尖銳的護甲扎進掌心,片刻間,已剐出數道血痕。
我忙伏去她膝前,像幼時無數次她安撫我和兄長,有她在,定會好好護著我們。
我攏住她的手掌,掰開她僵硬的指節。
含淚牽笑:
「誰說我要在定南侯府待一輩子,有長姐,有兄長在,我永遠是咱們薛家的孩子。」
堅忍吞淚,長姐也勾起笑意,衝我直點頭。
「更何況,我生不了孩子是真,沒有倚仗,卻不見得。」
長姐一愣,很快明白了我話中深意。
即刻派人向陛下求了御宴,以招待孟天行。
席間,孟天行一改從前冷淡之色,主動起身禮拜,向長姐敬酒:
「娘娘的好意,微臣愧不敢當,巡營之事,多謝娘娘施以援手。」
長姐與我使了個眼色。
外人皆不知,她與海公公早已達成默契。
若她將來青雲直上,必然也少不了他的從龍之功。
配合著做些戲碼,那是再順手不過的事。
可面子上,長姐將示好之意,拿捏得恰到好處:
「都是一家人,侯爺何須多禮。」
她特意將孕中的湯羹,換成酸梅酒:
「隻是本宮這妹子不懂事,還請侯爺多包涵。」
孟天行順勢看向我,一向板正謹肅的面容平添了幾抹親和暖意。
當著長姐的面,他握住我置於桌案上的手:
「文昔得娘娘教養,秀外慧中,溫淑賢良,昔日微臣心存芥蒂,確有不恭,從今往後,定會好好待她。」
為表誠意,他著人搬來我常帶進宮的木箱,說是之前聘禮不足,要為我添妝。
我和長姐一下會意他這是不想落了我們薛家的口實。
可事已至此,我們偏要讓他落。
「你們二人已成夫妻,你的她的不都是你們的?」
長姐不僅退回了箱子,又添了好幾張地契。
隻跟他提了一個要求:
「聽聞世子的生辰快到了,我這嫡親的姨母,就當提前給他送生辰禮了。
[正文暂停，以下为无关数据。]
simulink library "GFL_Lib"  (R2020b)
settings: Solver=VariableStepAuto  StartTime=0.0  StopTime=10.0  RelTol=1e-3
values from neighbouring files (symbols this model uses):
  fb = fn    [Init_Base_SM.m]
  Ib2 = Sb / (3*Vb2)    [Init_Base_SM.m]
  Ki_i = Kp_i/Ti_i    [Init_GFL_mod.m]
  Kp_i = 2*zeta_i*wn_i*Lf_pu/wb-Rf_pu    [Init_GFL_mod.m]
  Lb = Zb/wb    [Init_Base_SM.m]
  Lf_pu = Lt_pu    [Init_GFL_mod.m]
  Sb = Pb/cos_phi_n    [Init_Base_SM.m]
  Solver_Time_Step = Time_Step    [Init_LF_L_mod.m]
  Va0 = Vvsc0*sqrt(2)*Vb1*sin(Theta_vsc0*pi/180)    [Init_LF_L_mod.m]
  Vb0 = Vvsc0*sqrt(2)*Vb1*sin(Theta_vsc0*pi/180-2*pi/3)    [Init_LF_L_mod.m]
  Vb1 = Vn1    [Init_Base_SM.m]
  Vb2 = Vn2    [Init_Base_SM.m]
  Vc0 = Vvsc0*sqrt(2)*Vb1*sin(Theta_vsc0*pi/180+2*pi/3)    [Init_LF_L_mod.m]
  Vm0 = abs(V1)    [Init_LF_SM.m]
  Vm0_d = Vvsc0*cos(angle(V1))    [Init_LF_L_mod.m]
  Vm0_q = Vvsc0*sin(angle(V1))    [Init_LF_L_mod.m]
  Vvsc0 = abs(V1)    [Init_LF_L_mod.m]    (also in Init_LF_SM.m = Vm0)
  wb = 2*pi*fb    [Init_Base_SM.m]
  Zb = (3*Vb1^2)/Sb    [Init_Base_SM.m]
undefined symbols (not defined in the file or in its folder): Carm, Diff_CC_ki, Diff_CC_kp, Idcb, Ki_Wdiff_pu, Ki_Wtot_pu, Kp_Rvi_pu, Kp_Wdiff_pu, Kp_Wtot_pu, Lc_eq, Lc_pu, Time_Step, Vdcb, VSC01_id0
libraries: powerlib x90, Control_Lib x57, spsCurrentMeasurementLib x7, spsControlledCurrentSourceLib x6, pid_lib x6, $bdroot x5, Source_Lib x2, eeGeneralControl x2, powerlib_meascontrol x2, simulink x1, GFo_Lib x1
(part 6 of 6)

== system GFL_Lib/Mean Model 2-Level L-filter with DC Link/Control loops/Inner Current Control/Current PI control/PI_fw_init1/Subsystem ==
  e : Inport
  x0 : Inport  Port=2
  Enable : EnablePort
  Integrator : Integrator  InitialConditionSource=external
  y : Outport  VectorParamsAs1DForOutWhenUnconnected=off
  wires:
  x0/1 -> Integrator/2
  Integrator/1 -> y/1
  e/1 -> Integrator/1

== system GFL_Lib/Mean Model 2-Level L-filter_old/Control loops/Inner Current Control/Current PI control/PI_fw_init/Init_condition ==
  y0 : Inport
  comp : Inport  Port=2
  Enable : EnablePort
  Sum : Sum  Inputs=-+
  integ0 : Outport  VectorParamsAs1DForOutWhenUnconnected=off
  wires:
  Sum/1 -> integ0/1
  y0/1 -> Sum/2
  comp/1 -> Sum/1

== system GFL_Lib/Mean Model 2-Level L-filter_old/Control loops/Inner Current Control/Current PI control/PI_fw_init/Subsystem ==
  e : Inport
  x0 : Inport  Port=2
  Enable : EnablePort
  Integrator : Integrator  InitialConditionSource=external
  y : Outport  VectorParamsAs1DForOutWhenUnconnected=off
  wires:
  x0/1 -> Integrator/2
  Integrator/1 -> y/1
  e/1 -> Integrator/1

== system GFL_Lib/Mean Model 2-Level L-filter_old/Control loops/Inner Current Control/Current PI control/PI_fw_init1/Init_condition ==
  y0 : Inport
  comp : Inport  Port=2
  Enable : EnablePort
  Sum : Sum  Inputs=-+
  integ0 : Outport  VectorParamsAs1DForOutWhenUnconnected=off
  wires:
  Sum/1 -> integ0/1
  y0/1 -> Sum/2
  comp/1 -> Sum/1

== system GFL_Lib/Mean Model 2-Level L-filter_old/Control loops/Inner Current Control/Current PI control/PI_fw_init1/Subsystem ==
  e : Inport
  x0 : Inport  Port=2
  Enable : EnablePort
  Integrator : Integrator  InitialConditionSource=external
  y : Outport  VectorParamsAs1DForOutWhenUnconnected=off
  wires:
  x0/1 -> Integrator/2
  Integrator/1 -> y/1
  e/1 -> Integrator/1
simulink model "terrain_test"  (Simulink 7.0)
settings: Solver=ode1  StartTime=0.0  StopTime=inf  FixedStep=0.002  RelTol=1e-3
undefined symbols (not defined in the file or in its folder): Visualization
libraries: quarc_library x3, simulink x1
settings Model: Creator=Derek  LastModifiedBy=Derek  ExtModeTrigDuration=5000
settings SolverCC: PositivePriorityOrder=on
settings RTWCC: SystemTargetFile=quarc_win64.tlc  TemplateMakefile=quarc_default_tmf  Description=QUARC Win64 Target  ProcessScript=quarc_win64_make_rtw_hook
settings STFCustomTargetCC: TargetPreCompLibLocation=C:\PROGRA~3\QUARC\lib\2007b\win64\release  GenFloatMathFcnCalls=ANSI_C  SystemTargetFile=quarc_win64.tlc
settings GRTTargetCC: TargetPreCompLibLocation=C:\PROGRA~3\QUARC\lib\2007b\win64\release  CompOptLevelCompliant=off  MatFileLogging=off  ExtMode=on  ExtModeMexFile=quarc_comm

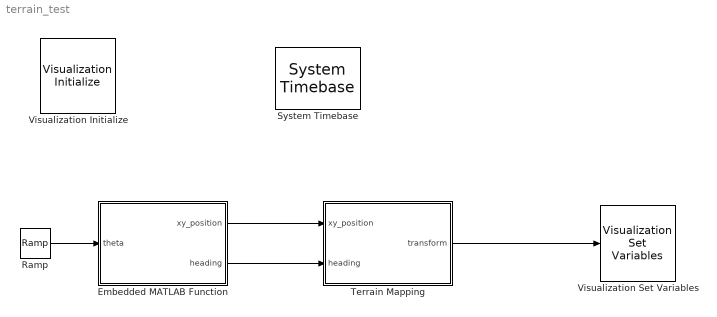
== system terrain_test ==
  Embedded MATLAB Function : Stateflow chart
  Ramp : simulink/Sources/Ramp  SystemSampleTime=-1  slope=0.14  start=0  X0=0
  System Timebase : quarc_library/Advanced/Timing/System Timebase  stop_on_overrun=off
  Terrain Mapping : Stateflow chart
  Visualization Initialize : quarc_library/User Interface/Visualization/Visualization Initialize  object_name=Visualization-1  scene_file=terrain_test.xml  uri={'normal','shmem://%m:2?local=yes';'Configuration','';}  apply_uri_to_all_configs=off  server_send_size=1000000  server_receive_size=1000  derive_from_server=on  client_send_size=1000  client_receive_size=1000000  variables=[ 33 ]  initial_values=single([ 1 0 -0 0 0 1 0 0 0 0 1 0 0 0 0 1 ])  open_on_start=on  close_on_stop=on
      settings: AttributesFormatString=%<object_name>
  Visualization Set Variables : quarc_library/User Interface/Visualization/Visualization Set Variables  object_name=Visualization-1  offset=[ 0 ]  data_type=[ 2 ]  length=[ 16 ]  sample_time=visualization_get_frame_period  actor_name={'actor.box/Transform'}
      settings: AttributesFormatString=(%<object_name>)
  wires:
  Ramp/1 -> Embedded MATLAB Function/1(theta)
  Embedded MATLAB Function/1(xy_position) -> Terrain Mapping/1(xy_position)
  Terrain Mapping/1(transform) -> Visualization Set Variables/1
  Embedded MATLAB Function/2(heading) -> Terrain Mapping/2(heading)

== matlab function Terrain Mapping ==
  data: xy_position input inherited; transform output inherited; heading input inherited
function transform  = fcn(xy_position, heading)
% This block supports the Embedded MATLAB subset.
% See the help menu for details. 


gridx = 200;
gridy = 200;
sizex = 2000;
sizey = 2000;
sizez = 100;

delta = 1;

[rx, ry, z] = calc_surface_angles_pos(xy_position(1), xy_position(2), gridx, gridy, delta, sizex, sizey, sizez);  


rot_x = [1 0 0 0; 0 cos(rx) -sin(rx) 0; 0 sin(rx) cos(rx) 0; 0 0 0 1];
rot_y = [cos(ry) 0 sin(ry) 0; 0 1 0 0; -sin(ry) 0 cos(ry) 0; 0 0 0 1];
rot_z = [cos(heading) -sin(heading) 0 0; sin(heading) cos(heading) 0 0; 0 0 1 0; 0 0 0 1];


position = [1 0 0 xy_position(1); 0 1 0 xy_position(2); 0 0 1 z+2; 0 0 0 1]*rot_x*rot_y*rot_z;

transform = position;
    


function [rx, ry, z] = calc_surface_angles_pos(x, y, gridx, gridy, delta, sizex, sizey, sizez)

z = calc_surface_z(x*gridx/sizex, y*gridy/sizey, gridx, gridy)*sizez; 

zN = calc_surface_z(x*gridx/sizex, (y+delta)*gridy/sizey, gridx, gridy)*sizez; 
zE = calc_surface_z((x+delta)*gridx/sizex, y*gridy/sizey, gridx, gridy)*sizez; 

rx = atan2(zE-z, delta);
ry = atan2(zN-z, delta);

    
    
function z = calc_surface_z(x, y, max_x, max_y)

z = (sin(y*0.1)*sin(x*0.1)*cos(y*0.03) + cos(x*0.3)*sin(y*0.4)*0.1) + 1;
z = z*sigmoid(x, y, max_x, max_y); 
z = z*0.5;

%%
function scale = sigmoid(x,y,max_x,max_y)

%sigmoid parameters

b1x = max_x*0.1;
b2x = max_x - max_x*0.1;

b1y = max_y*0.1;
b2y = max_y - max_y*0.1;


c = 0.1;

scalex = 1./(1+exp(-c.*(x-b1x))) - 1./(1+exp(-c.*(x-b2x)));
scaley = 1./(1+exp(-c.*(y-b1y))) - 1./(1+exp(-c.*(y-b2y)));

scale = scalex*scaley;

== matlab function Embedded MATLAB Function ==
  data: theta input inherited; xy_position output inherited; heading output inherited
function [xy_position, heading] = fcn(theta)
% This block supports the Embedded MATLAB subset.
% See the help menu for details. 


gridx = 200;
gridy = 200;
sizex = 2000;
sizey = 2000;

r = 51;
cx = 100;
cy = 100;

x = cx + (r + 5*sin(2*theta))*cos(theta);
y = cy + (r + 5*sin(4*theta)*sin(theta))*sin(theta);

xy_position = [x/gridx*sizex y/gridy*sizey];


angle = atan2( ...
    (10*cos(2*theta)*cos(theta)-(51+5*sin(2*theta))*sin(theta))*sizex/gridx, ...
    ((20*cos(4*theta)*sin(theta)+5*sin(4*theta)*cos(theta))*sin(theta)+(51+5*sin(4*theta)*sin(theta))*cos(theta))*sizey/gridy ...
    );

heading = -angle+pi/2;

」
9
顧晚寧學乖巧了。
孟天行一連多日宿在我這兒,她不僅不哭不鬧,還晨昏定省,不曾落過一日。
隻不過,每每都帶著孟承寅。
一大一小提著從前顧氏如何如何。
孟天行雖會用餘光掃量我的神色,可免不了都要配合著他們說上幾句。
「侯爺,承寅的生辰宴,要不還按往年的規矩,咱們回顧家操辦?」
孟天行還沒說話,仿佛這事已定。
孟承寅歡喜得跳起,不帶歇地拍手鼓舞。
顧晚寧自顧自地安排張羅,屆時要向哪些高門貴府遞請帖。
順便用眼尾挑釁地睨著我,向我宣告:
即便我暫時在定南侯府站住了腳跟,立下主母之威又怎樣,顧承寅身體裡流的終究是顧家的血,她顧晚寧早晚有一日,要將我踩在腳下。
更要讓全京城的人好好瞧瞧,她即便是個妾室,也能比主母過得還要體面風光!
我沒當場跟她叫板,退而求其次,喊來了給顧承寅開蒙的夫子。
當著孟天行的面,一五一十,細訴了顧承寅的學業。
「三天打魚,兩天曬網,交上來的課業也是敷衍了事,錯漏百出。」
刻板的老學究都有骨子的清高,說起狠話,毫不留情:
「嫡庶禮儀,本是人倫綱常,既然小世子聽從家中長輩教導,隻在武功,無心文治,又何必請老夫來,白費工夫?老夫就此請辭,侯爺莫要挽留。」
那夫子顧及侯府顏面,沒將顧晚寧指名道姓,隻說家中長輩。
卻是下了決心,連這月的束脩都沒要,直接拂袖而去。
兒子不成器,又被外人好一番諷刺,孟天行氣急敗壞。
武將的威猛之力,全用在了面前歪七扭八的課業上。
洋洋灑灑的碎紙屑,散落得屋裡到處都是。
我瞄準時機,揮毫落紙,寫下「舐犢之愛」四個字。
「我竟不知,你的字,這麼好。」
筆走龍蛇,風骨俊逸。
薛家本就是百年書香世家,我的字,是和父親一脈相承的。
可面對孟天行的贊賞,我隻嬌嗔:「我的事,侯爺不知道的還多著呢。」
又見他面露愧色,把玩起我手指,心緒漸平。
我提起兒時:
「我的字,是得父親啟蒙,又有長姐耳提面命逼我苦練,才有今日之大成。他們總說,我朝雖以武得天下,卻是以文治天下,我雖為女子,不得入仕,多下些功夫,也總是好的。」
孟天行聽了這話若有所思,半晌,哀嘆一聲:
「你爹和你長姐深謀遠慮,他們是對的。」
得蔭爵位,又為官數十載,孟天行領命京畿軍隻得三品,又被宦官時不時地牽制,恐怕深諳此理,頗有唏噓。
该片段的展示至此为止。